Problem to work on: Your task is to reproduce, verbatim and without pictures, the lines from the opening of the listing through the line containing "from ezdxf.enums import".

Records for the exercise:
BEGIN
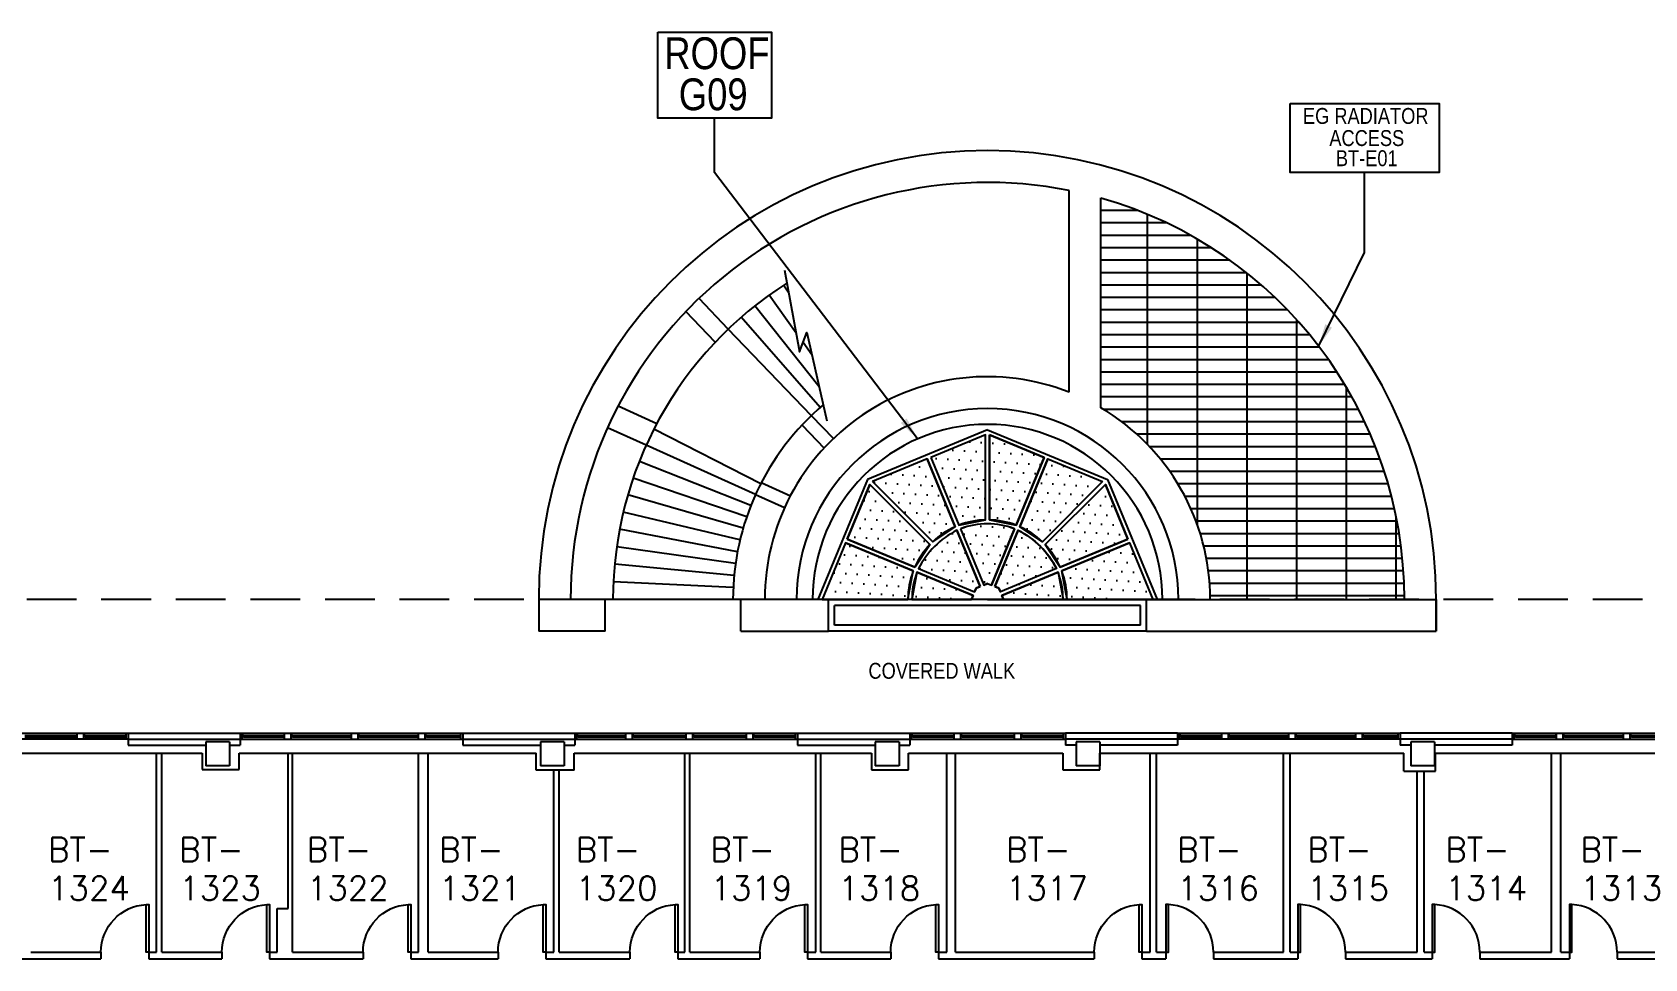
# Model space of a CAD drawing. Extents: x 2808 to 7225, y 18128 to 20366.
# Drawn here: x 4296 to 5512, y 19667 to 20366 of the extents above; entities that cross this region are included whole.
import ezdxf
from ezdxf.enums import TextEntityAlignment as Align

# ---------------------------------------------------------------- set-up
doc = ezdxf.new("R2010")
doc.units = 0
doc.header["$MEASUREMENT"] = 0
doc.linetypes.add('HIDDEN', pattern=[0.375, 0.25, -0.125])
doc.layers.get('0').update_dxf_attribs({"linetype": 'CONTINUOUS'})
for name, color, linetype in [('ARDOOR', 7, 'CONTINUOUS'), ('ARROOMNO', 4, 'CONTINUOUS'), ('ARWALL', 7, 'CONTINUOUS'), ('COL', 14, 'CONTINUOUS'), ('EXROOF', 9, 'CONTINUOUS'), ('EXROOF_TEXT', 134, 'CONTINUOUS'), ('EXWALL', 8, 'CONTINUOUS'), ('EXWINDOW', 8, 'CONTINUOUS'), ('TXT', 4, 'CONTINUOUS')]:
    doc.layers.add(name, color=color, linetype=linetype)
doc.styles.add('ARIAL_NARROW', font='ARIALN.TTF', dxfattribs={"height": 17})
doc.styles.add('ROMANS', font='romans.shx', dxfattribs={"height": 18})
doc.dimstyles.get("Standard").update_dxf_attribs({"dimtxt": 0.18, "dimasz": 0.18, "dimexe": 0.18, "dimexo": 0.0625, "dimgap": 0.09, "dimtad": 0, "dimtih": 1, "dimtoh": 1, "dimdec": 4, "dimzin": 0, "dimtxsty": 'STANDARD', "dimcen": 0.09, "dimazin": 3, "dimtfac": 1, "dimtdec": 4, "dimtofl": 0, "dimtmove": 0, "dimatfit": 3, "dimtolj": 1, "dimtzin": 0})

# ---------------------------------------------------------------- blocks, each defined once
blk = doc.blocks.new('COL2')
for p, q in [((-0.5, -0.5), (-0.5, 0.5)), ((-0.5, 0.5), (0.5, 0.5)), ((0.5, -0.5), (0.5, 0.5)), ((-0.5, -0.5), (0.5, -0.5))]:
    blk.add_line(p, q)

msp = doc.modelspace()

# ---------------------------------------------------------------- hatches: boundary and pattern name
at = {"layer": 'EXROOF'}
h = msp.add_hatch(dxfattribs=at)
h.set_pattern_fill('DOTS', color=256, scale=125, angle=60, style=0)
h.paths.add_polyline_path([(4910.8, 19983.2), (4927.9, 20024.4), (4973.2, 19979.1), (4961.9, 19962)])
h.paths.add_polyline_path([(4930, 20026.5), (4975.4, 19981.2), (4992.4, 19992.5), (4971.2, 20043.6)])
h.paths.add_polyline_path([(4974, 20044.8), (4995.2, 19993.7), (5015.2, 19997.7), (5015.2, 20061.8)])
h.paths.add_polyline_path([(5018.2, 20061.8), (5018.2, 19997.7), (5038.3, 19993.7), (5059.4, 20044.8)])
h.paths.add_polyline_path([(5103.4, 20026.5), (5058.1, 19981.2), (5041.1, 19992.5), (5062.2, 20043.6)])
h.paths.add_polyline_path([(5122.6, 19983.2), (5105.6, 20024.4), (5060.2, 19979.1), (5071.6, 19962)])
h.paths.add_polyline_path([(5076.7, 19937.7), (5072.7, 19959.3), (5123.8, 19980.4), (5141.5, 19937.7)])
h.paths.add_polyline_path([(5028.7, 19937.7), (5027.5, 19940.6), (5069.9, 19958.1), (5073.7, 19937.7)])
edge = h.paths.add_edge_path()
edge.add_line((5022.3, 19947.4), (5039.9, 19989.8))
edge.add_arc((5009, 19930), 67.3, 27.3391, 62.6609, ccw=False)
edge.add_line((5068.8, 19960.9), (5026.4, 19943.3))
edge.add_line((5026.4, 19943.3), (5025.2, 19946.2))
edge.add_line((5025.2, 19946.2), (5022.3, 19947.4))
edge = h.paths.add_edge_path()
edge.add_line((4996.3, 19990.9), (5013.9, 19948.5))
edge.add_line((5013.9, 19948.5), (5016.7, 19949.7))
edge.add_line((5016.7, 19949.7), (5019.6, 19948.5))
edge.add_line((5019.6, 19948.5), (5037.1, 19990.9))
edge.add_arc((5016.7, 19937.7), 57, 69.008, 110.992)
edge = h.paths.add_edge_path()
edge.add_line((5011.1, 19947.4), (4993.5, 19989.8))
edge.add_arc((5024.4, 19930), 67.3, 117.3391, 152.6609)
edge.add_line((4964.6, 19960.9), (5007, 19943.3))
edge.add_line((5007, 19943.3), (5008.2, 19946.2))
edge.add_line((5008.2, 19946.2), (5011.1, 19947.4))
h.paths.add_polyline_path([(5004.7, 19937.7), (5005.9, 19940.6), (4963.5, 19958.1), (4959.7, 19937.7)])
edge = h.paths.add_edge_path()
edge.add_arc((5016.7, 19937.7), 57, 0, 20.992)
edge.add_arc((5016.7, 19937.7), 60, 0, 21.0675)
h = msp.add_hatch(dxfattribs=at)
h.set_pattern_fill('DOTS', color=256, scale=125, angle=60, style=0)
h.paths.add_polyline_path([(4956.7, 19937.7), (4960.7, 19959.3), (4909.7, 19980.4), (4892, 19937.7)])
at = {"layer": 'EXWALL'}
h = msp.add_hatch(dxfattribs=at)
h.set_pattern_fill('GRATE', color=256, scale=300, style=0)
h.paths.add_polyline_path([(5102.2, 20240.4), (5102.2, 20082.3, -0.26518), (5184.7, 19937.7), (5331.2, 19937.7, 0.335687)])

# ---------------------------------------------------------------- linework, layer by layer
at = {"layer": 'ARDOOR', "flags": 128}
for points in [[(4348, 19671.6, -0.39805), (4382, 19707.5), (4384, 19707.6), (4384, 19671.6), (4382, 19671.6), (4382, 19707.5)], [(4439.2, 19671.6, -0.39805), (4473.2, 19707.5), (4475.2, 19707.6), (4475.2, 19671.6), (4473.2, 19671.6), (4473.2, 19707.5)], [(4545.7, 19671.6, -0.39805), (4579.7, 19707.5), (4581.7, 19707.6), (4581.7, 19671.6), (4579.7, 19671.6), (4579.7, 19707.5)], [(4647.5, 19671.6, -0.39805), (4681.5, 19707.5), (4683.5, 19707.6), (4683.5, 19671.6), (4681.5, 19671.6), (4681.5, 19707.5)], [(4747, 19671.6, -0.39805), (4781, 19707.5), (4783, 19707.6), (4783, 19671.6), (4781, 19671.6), (4781, 19707.5)], [(4845, 19671.6, -0.39805), (4879, 19707.5), (4881, 19707.6), (4881, 19671.6), (4879, 19671.6), (4879, 19707.5)], [(4943.7, 19671.6, -0.39805), (4977.7, 19707.5), (4979.7, 19707.6), (4979.7, 19671.6), (4977.7, 19671.6), (4977.7, 19707.5)], [(5097.2, 19671.6, -0.39805), (5131.2, 19707.5), (5133.2, 19707.6), (5133.2, 19671.6), (5131.2, 19671.6), (5131.2, 19707.5)], [(5187.2, 19671.6, 0.39805), (5153.2, 19707.5), (5151.2, 19707.6), (5151.2, 19671.6), (5153.2, 19671.6), (5153.2, 19707.5)], [(5286.7, 19671.6, 0.39805), (5252.7, 19707.5), (5250.7, 19707.6), (5250.7, 19671.6), (5252.7, 19671.6), (5252.7, 19707.5)], [(5388.1, 19671.6, 0.39805), (5354.1, 19707.5), (5352.1, 19707.6), (5352.1, 19671.6), (5354.1, 19671.6), (5354.1, 19707.5)], [(5491.6, 19671.6, 0.39805), (5457.6, 19707.5), (5455.6, 19707.6), (5455.6, 19671.6), (5457.6, 19671.6), (5457.6, 19707.5)]]:
    msp.add_lwpolyline(points, format="xyb", dxfattribs=at)
at = {"layer": 'ARWALL'}
for p, q in [((4192.5, 19821.6), (4424.2, 19821.6)), ((4390, 19671.6), (4390, 19821.6)), ((4394, 19671.6), (4394, 19821.6)), ((4424.2, 19821.6), (4424.2, 19809.3)), ((4452.3, 19809.3), (4452.3, 19821.6)), ((4452.3, 19821.6), (4676.2, 19821.6)), ((4489.1, 19704.6), (4489.1, 19821.6)), ((4492.5, 19671.6), (4492.5, 19821.6)), ((4587.5, 19671.6), (4587.5, 19821.6)), ((4594.8, 19671.6), (4594.8, 19821.6)), ((4676.2, 19808.8), (4676.2, 19821.6)), ((4705, 19808.8), (4705, 19821.6)), ((4705, 19821.6), (4929.1, 19821.6)), ((4788.5, 19671.6), (4788.5, 19821.6)), ((4792.1, 19671.6), (4792.1, 19821.6)), ((4887.1, 19671.6), (4887.1, 19821.6)), ((4891, 19671.6), (4891, 19821.6)), ((4929.1, 19821.6), (4929.1, 19809.2)), ((4957.2, 19809.2), (4957.2, 19821.6)), ((4957.2, 19821.6), (5073.5, 19821.6)), ((4986.1, 19671.6), (4986.1, 19821.6)), ((4992.5, 19671.6), (4992.5, 19821.6)), ((5073.5, 19821.6), (5073.5, 19809.2)), ((5101.5, 19809.2), (5101.5, 19821.6)), ((5101.5, 19821.6), (5330.8, 19821.6)), ((5139.5, 19671.6), (5139.5, 19821.6)), ((5144.2, 19671.6), (5144.2, 19821.6)), ((5240, 19671.6), (5240, 19821.6)), ((5245, 19671.6), (5245, 19821.6)), ((5330.8, 19808.1), (5330.8, 19821.6)), ((5354.6, 19808.1), (5354.6, 19821.6)), ((5354.6, 19821.6), (5578.6, 19821.6)), ((5442.1, 19671.6), (5442.1, 19821.6)), ((5449.3, 19671.6), (5449.3, 19821.6)), ((4424.2, 19809.3), (4452.3, 19809.3)), ((4705, 19808.8), (4676.2, 19808.8)), ((4689.6, 19671.6), (4689.6, 19808.8)), ((4693.5, 19671.6), (4693.5, 19808.8)), ((4929.1, 19809.2), (4957.2, 19809.2)), ((5073.5, 19809.2), (5101.5, 19809.2)), ((5330.8, 19808.1), (5354.6, 19808.1)), ((5340.7, 19671.6), (5340.7, 19808.1)), ((5346.1, 19671.6), (5346.1, 19808.1)), ((4481, 19671.6), (4481, 19704.6)), ((4481, 19704.6), (4489.1, 19704.6)), ((4295, 19671.6), (4348, 19671.6)), ((4348, 19671.6), (4348, 19666.6)), ((4384, 19671.6), (4390, 19671.6)), ((4384, 19671.6), (4384, 19666.6)), ((4394, 19671.6), (4439.2, 19671.6)), ((4439.2, 19671.6), (4439.2, 19666.6)), ((4475.2, 19671.6), (4481, 19671.6)), ((4475.2, 19671.6), (4475.2, 19666.6)), ((4492.5, 19671.6), (4545.7, 19671.6)), ((4545.7, 19671.6), (4545.7, 19666.6)), ((4581.7, 19671.6), (4587.5, 19671.6)), ((4581.7, 19671.6), (4581.7, 19666.6)), ((4594.8, 19671.6), (4647.5, 19671.6)), ((4647.5, 19671.6), (4647.5, 19666.6)), ((4683.5, 19671.6), (4689.6, 19671.6)), ((4683.5, 19671.6), (4683.5, 19666.6)), ((4693.5, 19671.6), (4747, 19671.6)), ((4747, 19671.6), (4747, 19666.6)), ((4783, 19671.6), (4788.5, 19671.6)), ((4783, 19671.6), (4783, 19666.6)), ((4792.1, 19671.6), (4845, 19671.6)), ((4845, 19671.6), (4845, 19666.6)), ((4881, 19671.6), (4887.1, 19671.6)), ((4881, 19671.6), (4881, 19666.6)), ((4891, 19671.6), (4943.7, 19671.6)), ((4943.7, 19671.6), (4943.7, 19666.6)), ((4979.7, 19671.6), (4986.1, 19671.6)), ((4979.7, 19671.6), (4979.7, 19666.6)), ((4992.5, 19671.6), (5097.2, 19671.6)), ((5097.2, 19671.6), (5097.2, 19666.6)), ((5133.2, 19671.6), (5139.5, 19671.6)), ((5133.2, 19671.6), (5133.2, 19666.6)), ((5144.2, 19671.6), (5151.2, 19671.6)), ((5151.2, 19671.6), (5151.2, 19666.6)), ((5187.2, 19671.6), (5240, 19671.6)), ((5187.2, 19671.6), (5187.2, 19666.6)), ((5245, 19671.6), (5250.7, 19671.6)), ((5250.7, 19671.6), (5250.7, 19666.6)), ((5286.7, 19671.6), (5340.7, 19671.6)), ((5286.7, 19671.6), (5286.7, 19666.6)), ((5346.1, 19671.6), (5352.1, 19671.6)), ((5352.1, 19671.6), (5352.1, 19666.6)), ((5388.1, 19671.6), (5442.1, 19671.6)), ((5388.1, 19671.6), (5388.1, 19666.6)), ((5449.3, 19671.6), (5455.6, 19671.6)), ((5455.6, 19671.6), (5455.6, 19666.6)), ((5491.6, 19671.6), (5544.3, 19671.6)), ((5491.6, 19671.6), (5491.6, 19666.6)), ((4283, 19666.6), (4348, 19666.6)), ((4384, 19666.6), (4439.2, 19666.6)), ((4475.2, 19666.6), (4545.7, 19666.6)), ((4581.7, 19666.6), (4647.5, 19666.6)), ((4683.5, 19666.6), (4747, 19666.6)), ((4783, 19666.6), (4845, 19666.6)), ((4881, 19666.6), (4943.7, 19666.6)), ((4979.7, 19666.6), (5097.2, 19666.6)), ((5133.2, 19666.6), (5151.2, 19666.6)), ((5187.2, 19666.6), (5250.7, 19666.6)), ((5286.7, 19666.6), (5352.1, 19666.6)), ((5388.1, 19666.6), (5455.6, 19666.6)), ((5491.6, 19666.6), (5554.1, 19666.6))]:
    msp.add_line(p, q, dxfattribs=at)
at = {"layer": 'EXROOF'}
for points in [[(4974, 20044.8), (4995.2, 19993.7), (5015.2, 19997.7), (5015.2, 20061.8), (4974, 20044.8)], [(5018.2, 20061.8), (5018.2, 19997.7), (5038.3, 19993.7), (5059.4, 20044.8), (5018.2, 20061.8)], [(4930, 20026.5), (4975.4, 19981.2), (4992.4, 19992.5), (4971.2, 20043.6), (4930, 20026.5)], [(5103.4, 20026.5), (5058.1, 19981.2), (5041.1, 19992.5), (5062.2, 20043.6), (5103.4, 20026.5)], [(4910.8, 19983.2), (4927.9, 20024.4), (4973.2, 19979.1), (4961.9, 19962), (4910.8, 19983.2)], [(5122.6, 19983.2), (5105.6, 20024.4), (5060.2, 19979.1), (5071.6, 19962), (5122.6, 19983.2)], [(4956.7, 19937.7), (4960.7, 19959.3), (4909.7, 19980.4), (4892, 19937.7), (4956.7, 19937.7)], [(5076.7, 19937.7), (5072.7, 19959.3), (5123.8, 19980.4), (5141.5, 19937.7), (5076.7, 19937.7)], [(5004.7, 19937.7), (5005.9, 19940.6), (4963.5, 19958.1), (4959.7, 19937.7), (5004.7, 19937.7)], [(5028.7, 19937.7), (5027.5, 19940.6), (5069.9, 19958.1), (5073.7, 19937.7), (5028.7, 19937.7)]]:
    msp.add_lwpolyline(points, dxfattribs=at)
for points in [[(5011.1, 19947.4), (4993.5, 19989.8, 0.155352), (4964.6, 19960.9), (5007, 19943.3), (5008.2, 19946.2), (5011.1, 19947.4)], [(5022.3, 19947.4), (5039.9, 19989.8, -0.155352), (5068.8, 19960.9), (5026.4, 19943.3), (5025.2, 19946.2), (5022.3, 19947.4)]]:
    msp.add_lwpolyline(points, format="xyb", close=True, dxfattribs=at)
msp.add_lwpolyline([(4996.3, 19990.9), (5013.9, 19948.5), (5016.7, 19949.7), (5019.6, 19948.5), (5037.1, 19990.9, 0.185267), (4996.3, 19990.9, 0.620575)], format="xyb", dxfattribs=at)
at = {"layer": 'EXROOF_TEXT'}
msp.add_lwpolyline([(4768, 20365.5), (4853.9, 20365.5), (4853.9, 20300.8), (4768, 20300.8)], close=True, dxfattribs=at)
at = {"layer": 'EXWALL', "linetype": 'CONTINUOUS'}
for p, q in [((5078.2, 20094), (5078.2, 20246.1)), ((5102.2, 20082.3), (5102.2, 20240.5)), ((4678.2, 19937.7), (4678.2, 19913.7)), ((5355.2, 19937.7), (5355.2, 19913.7)), ((4368.5, 19836.7), (4453, 19836.7)), ((4368.5, 19832.2), (4453, 19832.2)), ((4368.5, 19827.7), (4427, 19827.7)), ((4445, 19827.7), (4453, 19827.7)), ((4621, 19836.7), (4705.5, 19836.7)), ((4621, 19832.2), (4705.5, 19832.2)), ((4621, 19827.7), (4679.5, 19827.7)), ((4697.5, 19827.7), (4705.5, 19827.7)), ((4873.5, 19836.7), (4958, 19836.7)), ((4873.5, 19832.2), (4958, 19832.2)), ((4873.5, 19827.7), (4932, 19827.7)), ((4950, 19827.7), (4958, 19827.7)), ((5160, 19836.7), (5075.5, 19836.7)), ((5160, 19832.2), (5075.5, 19832.2)), ((5083.5, 19827.7), (5075.5, 19827.7)), ((5160, 19827.7), (5101.5, 19827.7)), ((5412.5, 19836.7), (5328, 19836.7)), ((5412.5, 19832.2), (5328, 19832.2)), ((5336, 19827.7), (5328, 19827.7)), ((5412.5, 19827.7), (5354, 19827.7))]:
    msp.add_line(p, q, dxfattribs=at)
at = {"layer": 'EXWALL'}
for p, q in [((4872.4, 20138.6), (4851.9, 20167.2)), ((4866.8, 20168.7), (4862.9, 20174.7)), ((4811.3, 20131.7), (4789.2, 20154.8)), ((4821.2, 20141.6), (4799.1, 20164.7)), ((4889.7, 20098.1), (4841.3, 20159.1)), ((4890.5, 20082.4), (4831, 20150.6)), ((4883.8, 20076.3), (4821.2, 20141.6)), ((4883.7, 20076.5), (4821.2, 20141.6)), ((4884.1, 20122.3), (4877.6, 20131.4)), ((4767.2, 20070.2), (4738, 20083.4)), ((4883.8, 20076.3), (4900.5, 20059)), ((4759.3, 20054), (4730.1, 20067.2)), ((4845.7, 20024.9), (4765, 20066)), ((4876.8, 20069.2), (4893.4, 20051.8)), ((4841.7, 20016.8), (4759.3, 20054)), ((4838.2, 20008.4), (4754.1, 20041.7)), ((4835.1, 19999.9), (4749.5, 20029.2)), ((4846.1, 20025.8), (4868, 20015.9)), ((4832.3, 19991.3), (4745.4, 20016.5)), ((4841.7, 20016.8), (4863.6, 20006.9)), ((4830, 19982.5), (4742, 20003.6)), ((4828.1, 19973.6), (4739.2, 19990.6)), ((4826.6, 19964.7), (4737, 19977.4)), ((4825.6, 19955.7), (4735.5, 19964.2)), ((4824.7, 19946.7), (4734.5, 19950.9)), ((4678.2, 19937.7), (4678.2, 19913.7)), ((4702.2, 19937.7), (4678.2, 19937.7)), ((4734.2, 19937.7), (4702.2, 19937.7)), ((4728.2, 19913.7), (4728.2, 19937.7)), ((4824.7, 19937.7), (4734.2, 19937.7)), ((4848.7, 19937.7), (4824.7, 19937.7)), ((4830.7, 19913.7), (4830.7, 19937.7)), ((4896.7, 19937.7), (4848.7, 19937.7)), ((5136.7, 19937.7), (4896.7, 19937.7)), ((4896.7, 19913.7), (4896.7, 19937.7)), ((5136.7, 19937.7), (5184.7, 19937.7)), ((5136.7, 19913.7), (5136.7, 19937.7)), ((5184.7, 19937.7), (5208.7, 19937.7)), ((5208.7, 19937.7), (5299.2, 19937.7)), ((5299.2, 19937.7), (5331.2, 19937.7)), ((5331.2, 19937.7), (5355.2, 19937.7)), ((5355.2, 19913.7), (5355.2, 19937.7)), ((5132.2, 19933.2), (4901.2, 19933.2)), ((4901.2, 19918.2), (4901.2, 19933.2)), ((5132.2, 19918.2), (5132.2, 19933.2)), ((4728.2, 19913.7), (4678.2, 19913.7)), ((5136.7, 19913.7), (4896.7, 19913.7)), ((5132.2, 19918.2), (4901.2, 19918.2)), ((5136.7, 19913.7), (5355.2, 19913.7)), ((4368.5, 19836.7), (4368.5, 19827.7)), ((4453, 19836.7), (4453, 19827.7)), ((4621, 19836.7), (4621, 19827.7)), ((4705.5, 19836.7), (4705.5, 19827.7)), ((4873.5, 19836.7), (4873.5, 19827.7)), ((4958, 19836.7), (4958, 19827.7)), ((5075.5, 19836.7), (5075.5, 19827.7)), ((5160, 19836.7), (5160, 19827.7)), ((5328, 19836.7), (5328, 19827.7)), ((5412.5, 19836.7), (5412.5, 19827.7))]:
    msp.add_line(p, q, dxfattribs=at)
at = {"layer": 'EXWALL', "linetype": 'HIDDEN', "ltscale": 150}
msp.add_line((6917, 19937.7), (3116.5, 19937.7), dxfattribs=at)
at = {"layer": 'EXWALL'}
for points in [[(4863.6, 20186.1), (4875, 20124.5), (4880.4, 20138.9), (4895.5, 20072.5)], [(4830.7, 19913.7), (4896.7, 19913.7)]]:
    msp.add_lwpolyline(points, dxfattribs=at)
for radius, start, end in [(338.5, 0, 180), (314.5, 78.7232, 180), (314.5, 0, 74.225), (282.5, 122.3842, 180), (168, 68.5265, 180), (192, 130.2044, 180), (144, 0, 180), (168, 0, 59.4075), (132, 0, 180)]:
    msp.add_arc((5016.7, 19937.7), radius, start, end, dxfattribs=at)
at = {"layer": 'EXWINDOW'}
for p, q in [((5016.7, 20065.7), (4926.2, 20028.2)), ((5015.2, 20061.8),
END
Exercise response:
# Model space of a CAD drawing. Extents: x 2808 to 7225, y 18128 to 20366.
# Drawn here: x 4296 to 5512, y 19667 to 20366 of the extents above; entities that cross this region are included whole.
import ezdxf
from ezdxf.enums import TextEntityAlignment as Align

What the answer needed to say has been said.